**Records shown:**
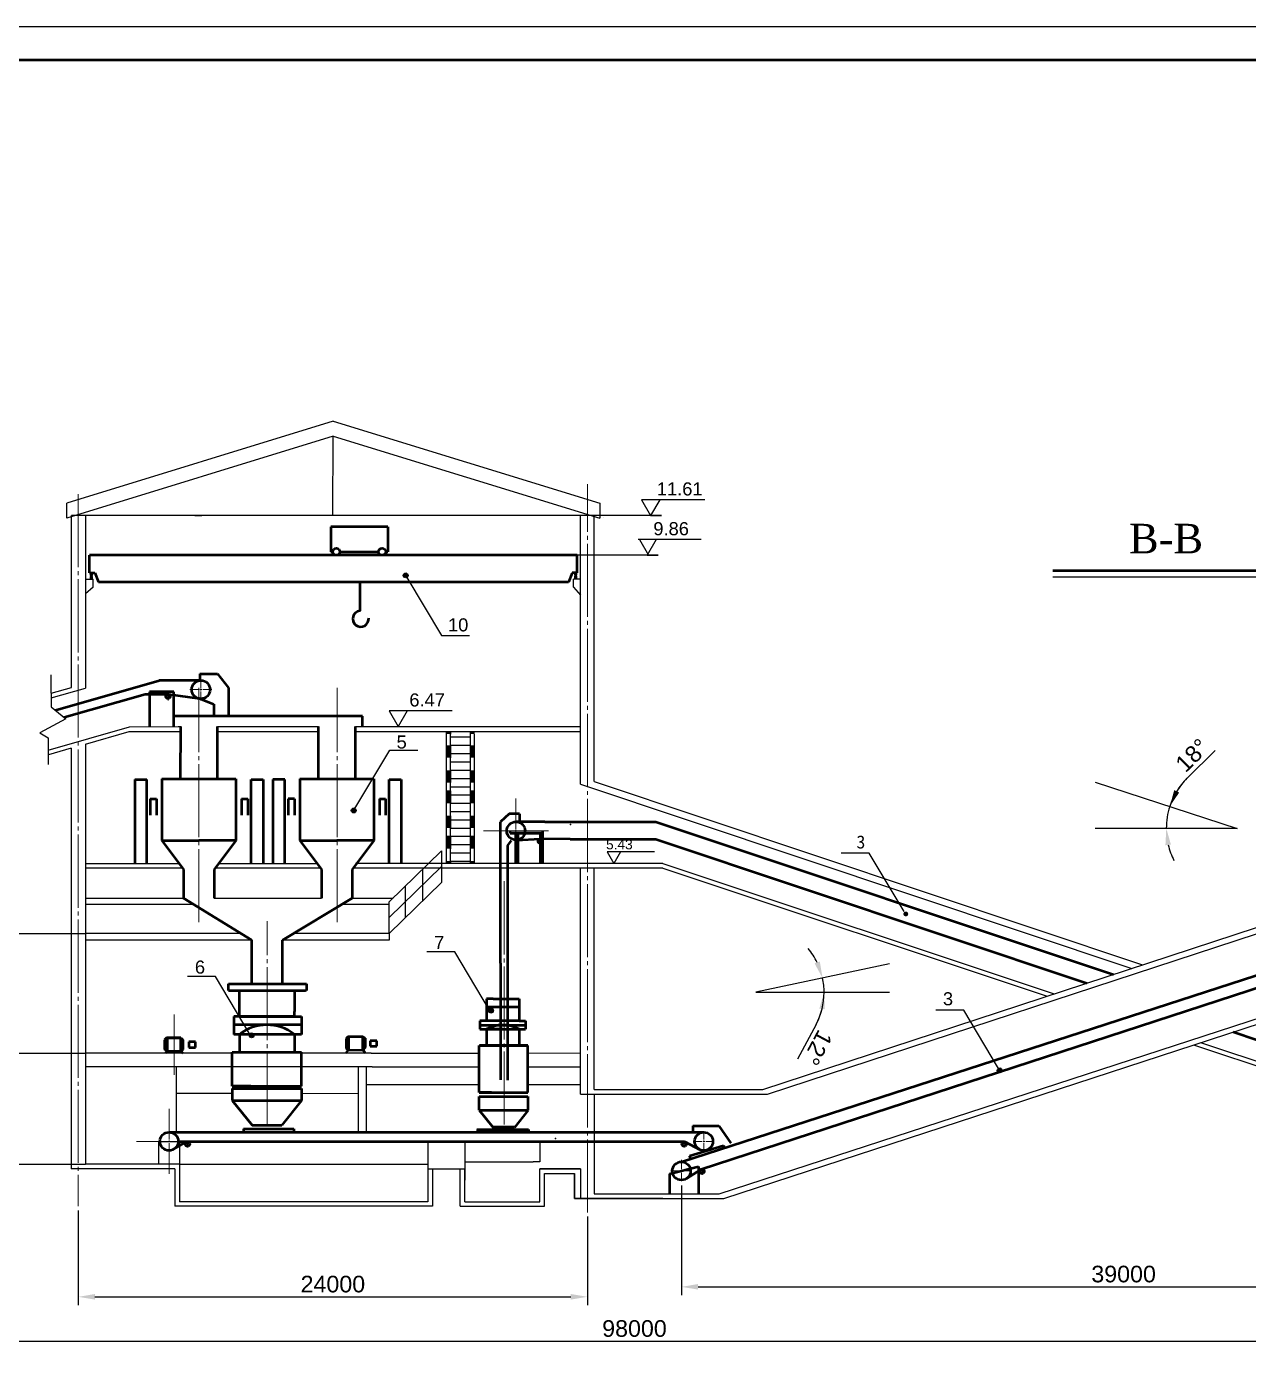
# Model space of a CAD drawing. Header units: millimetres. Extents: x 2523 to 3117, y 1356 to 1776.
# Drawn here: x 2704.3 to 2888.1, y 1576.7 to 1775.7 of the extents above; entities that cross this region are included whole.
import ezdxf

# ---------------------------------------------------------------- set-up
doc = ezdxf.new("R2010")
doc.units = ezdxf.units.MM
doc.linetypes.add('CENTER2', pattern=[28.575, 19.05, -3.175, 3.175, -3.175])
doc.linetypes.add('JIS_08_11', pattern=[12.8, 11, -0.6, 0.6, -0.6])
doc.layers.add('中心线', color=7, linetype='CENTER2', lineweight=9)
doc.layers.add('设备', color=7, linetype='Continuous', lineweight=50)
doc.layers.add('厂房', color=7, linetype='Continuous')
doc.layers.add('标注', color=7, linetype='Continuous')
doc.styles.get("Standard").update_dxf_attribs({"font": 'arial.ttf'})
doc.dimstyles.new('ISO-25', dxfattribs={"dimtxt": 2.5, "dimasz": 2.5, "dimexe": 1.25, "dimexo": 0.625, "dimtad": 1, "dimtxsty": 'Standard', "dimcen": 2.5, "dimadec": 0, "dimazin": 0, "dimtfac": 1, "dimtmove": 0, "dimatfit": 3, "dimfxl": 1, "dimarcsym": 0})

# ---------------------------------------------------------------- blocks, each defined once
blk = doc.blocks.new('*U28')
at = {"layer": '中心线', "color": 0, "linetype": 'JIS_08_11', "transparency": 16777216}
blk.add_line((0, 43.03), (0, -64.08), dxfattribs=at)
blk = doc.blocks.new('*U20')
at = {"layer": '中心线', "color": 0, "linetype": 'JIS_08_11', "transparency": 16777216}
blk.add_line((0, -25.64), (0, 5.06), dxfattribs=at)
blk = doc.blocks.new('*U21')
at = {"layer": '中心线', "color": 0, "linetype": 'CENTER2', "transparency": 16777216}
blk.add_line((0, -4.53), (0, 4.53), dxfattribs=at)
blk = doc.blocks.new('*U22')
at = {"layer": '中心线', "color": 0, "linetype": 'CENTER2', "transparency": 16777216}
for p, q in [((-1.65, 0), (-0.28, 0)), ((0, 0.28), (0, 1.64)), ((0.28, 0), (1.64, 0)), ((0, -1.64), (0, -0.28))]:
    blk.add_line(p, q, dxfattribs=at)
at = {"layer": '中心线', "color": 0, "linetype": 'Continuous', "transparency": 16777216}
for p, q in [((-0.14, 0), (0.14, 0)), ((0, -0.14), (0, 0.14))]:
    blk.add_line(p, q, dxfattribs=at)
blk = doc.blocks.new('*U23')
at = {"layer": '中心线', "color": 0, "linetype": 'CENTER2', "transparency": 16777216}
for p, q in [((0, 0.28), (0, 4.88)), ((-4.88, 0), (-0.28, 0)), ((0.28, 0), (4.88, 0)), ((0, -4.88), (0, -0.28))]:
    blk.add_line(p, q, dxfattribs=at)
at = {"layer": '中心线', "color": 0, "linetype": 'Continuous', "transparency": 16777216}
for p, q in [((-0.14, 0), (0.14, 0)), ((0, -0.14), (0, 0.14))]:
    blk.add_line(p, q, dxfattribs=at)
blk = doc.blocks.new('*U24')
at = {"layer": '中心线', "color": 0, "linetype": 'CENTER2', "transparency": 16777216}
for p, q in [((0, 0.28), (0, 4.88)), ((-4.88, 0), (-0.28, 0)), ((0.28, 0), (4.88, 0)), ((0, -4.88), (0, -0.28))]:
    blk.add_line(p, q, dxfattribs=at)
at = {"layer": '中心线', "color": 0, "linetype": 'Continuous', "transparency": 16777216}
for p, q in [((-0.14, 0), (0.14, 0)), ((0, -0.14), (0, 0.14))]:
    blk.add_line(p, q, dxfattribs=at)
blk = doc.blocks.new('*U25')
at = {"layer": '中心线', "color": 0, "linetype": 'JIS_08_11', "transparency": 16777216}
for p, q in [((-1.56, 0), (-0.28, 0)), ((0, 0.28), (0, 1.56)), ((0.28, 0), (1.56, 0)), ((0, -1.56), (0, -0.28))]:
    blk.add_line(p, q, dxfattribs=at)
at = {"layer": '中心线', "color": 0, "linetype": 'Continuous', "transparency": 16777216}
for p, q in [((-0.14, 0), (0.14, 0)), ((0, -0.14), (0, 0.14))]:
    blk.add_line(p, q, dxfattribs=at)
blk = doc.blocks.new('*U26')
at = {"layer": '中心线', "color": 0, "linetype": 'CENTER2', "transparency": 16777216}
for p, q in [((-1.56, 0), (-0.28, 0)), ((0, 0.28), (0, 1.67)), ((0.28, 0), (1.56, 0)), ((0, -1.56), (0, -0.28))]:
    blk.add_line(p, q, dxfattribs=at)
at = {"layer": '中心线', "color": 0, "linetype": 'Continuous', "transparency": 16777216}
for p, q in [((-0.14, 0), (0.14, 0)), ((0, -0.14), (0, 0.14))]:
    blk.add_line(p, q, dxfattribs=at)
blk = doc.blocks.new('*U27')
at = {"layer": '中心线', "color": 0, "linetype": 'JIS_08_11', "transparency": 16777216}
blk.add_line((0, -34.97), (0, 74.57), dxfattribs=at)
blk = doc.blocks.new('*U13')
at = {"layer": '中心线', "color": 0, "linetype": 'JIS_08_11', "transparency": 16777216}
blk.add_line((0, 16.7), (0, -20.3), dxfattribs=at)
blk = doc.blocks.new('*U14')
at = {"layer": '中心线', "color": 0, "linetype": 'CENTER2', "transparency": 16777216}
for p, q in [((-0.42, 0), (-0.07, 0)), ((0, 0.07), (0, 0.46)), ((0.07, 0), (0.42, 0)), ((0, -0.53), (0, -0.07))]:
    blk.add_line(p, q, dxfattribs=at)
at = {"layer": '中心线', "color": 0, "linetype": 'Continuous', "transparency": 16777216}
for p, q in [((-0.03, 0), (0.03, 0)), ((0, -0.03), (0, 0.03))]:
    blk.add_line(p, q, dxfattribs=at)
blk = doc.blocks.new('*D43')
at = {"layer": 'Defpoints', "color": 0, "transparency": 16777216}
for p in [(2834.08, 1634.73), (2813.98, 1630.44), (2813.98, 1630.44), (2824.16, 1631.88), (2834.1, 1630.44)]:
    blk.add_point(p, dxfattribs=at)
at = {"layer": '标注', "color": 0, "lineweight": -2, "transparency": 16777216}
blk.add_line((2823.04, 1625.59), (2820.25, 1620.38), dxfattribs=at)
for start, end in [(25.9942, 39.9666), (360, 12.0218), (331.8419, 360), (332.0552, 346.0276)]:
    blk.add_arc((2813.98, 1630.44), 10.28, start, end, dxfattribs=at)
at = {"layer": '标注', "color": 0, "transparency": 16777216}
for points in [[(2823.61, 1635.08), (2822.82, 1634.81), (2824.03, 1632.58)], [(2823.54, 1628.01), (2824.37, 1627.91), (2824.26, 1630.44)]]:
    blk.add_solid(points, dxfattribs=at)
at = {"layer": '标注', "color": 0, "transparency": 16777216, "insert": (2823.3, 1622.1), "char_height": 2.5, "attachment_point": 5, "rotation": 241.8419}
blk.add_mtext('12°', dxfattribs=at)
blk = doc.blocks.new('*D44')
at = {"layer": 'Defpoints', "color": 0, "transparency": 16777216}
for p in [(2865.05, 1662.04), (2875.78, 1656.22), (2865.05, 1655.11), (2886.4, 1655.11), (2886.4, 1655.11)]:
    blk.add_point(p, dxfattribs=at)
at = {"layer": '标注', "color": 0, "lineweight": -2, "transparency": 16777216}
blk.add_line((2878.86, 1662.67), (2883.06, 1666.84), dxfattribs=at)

**What you will do:** Return, without any change, only the lines from the one containing "blk.add_mtext('12°', dxfattribs=at)" through the last line of the entries above.

**Worked solution:**
blk.add_mtext('12°', dxfattribs=at)
blk = doc.blocks.new('*D44')
at = {"layer": 'Defpoints', "color": 0, "transparency": 16777216}
for p in [(2865.05, 1662.04), (2875.78, 1656.22), (2865.05, 1655.11), (2886.4, 1655.11), (2886.4, 1655.11)]:
    blk.add_point(p, dxfattribs=at)
at = {"layer": '标注', "color": 0, "lineweight": -2, "transparency": 16777216}
blk.add_line((2878.86, 1662.67), (2883.06, 1666.84), dxfattribs=at)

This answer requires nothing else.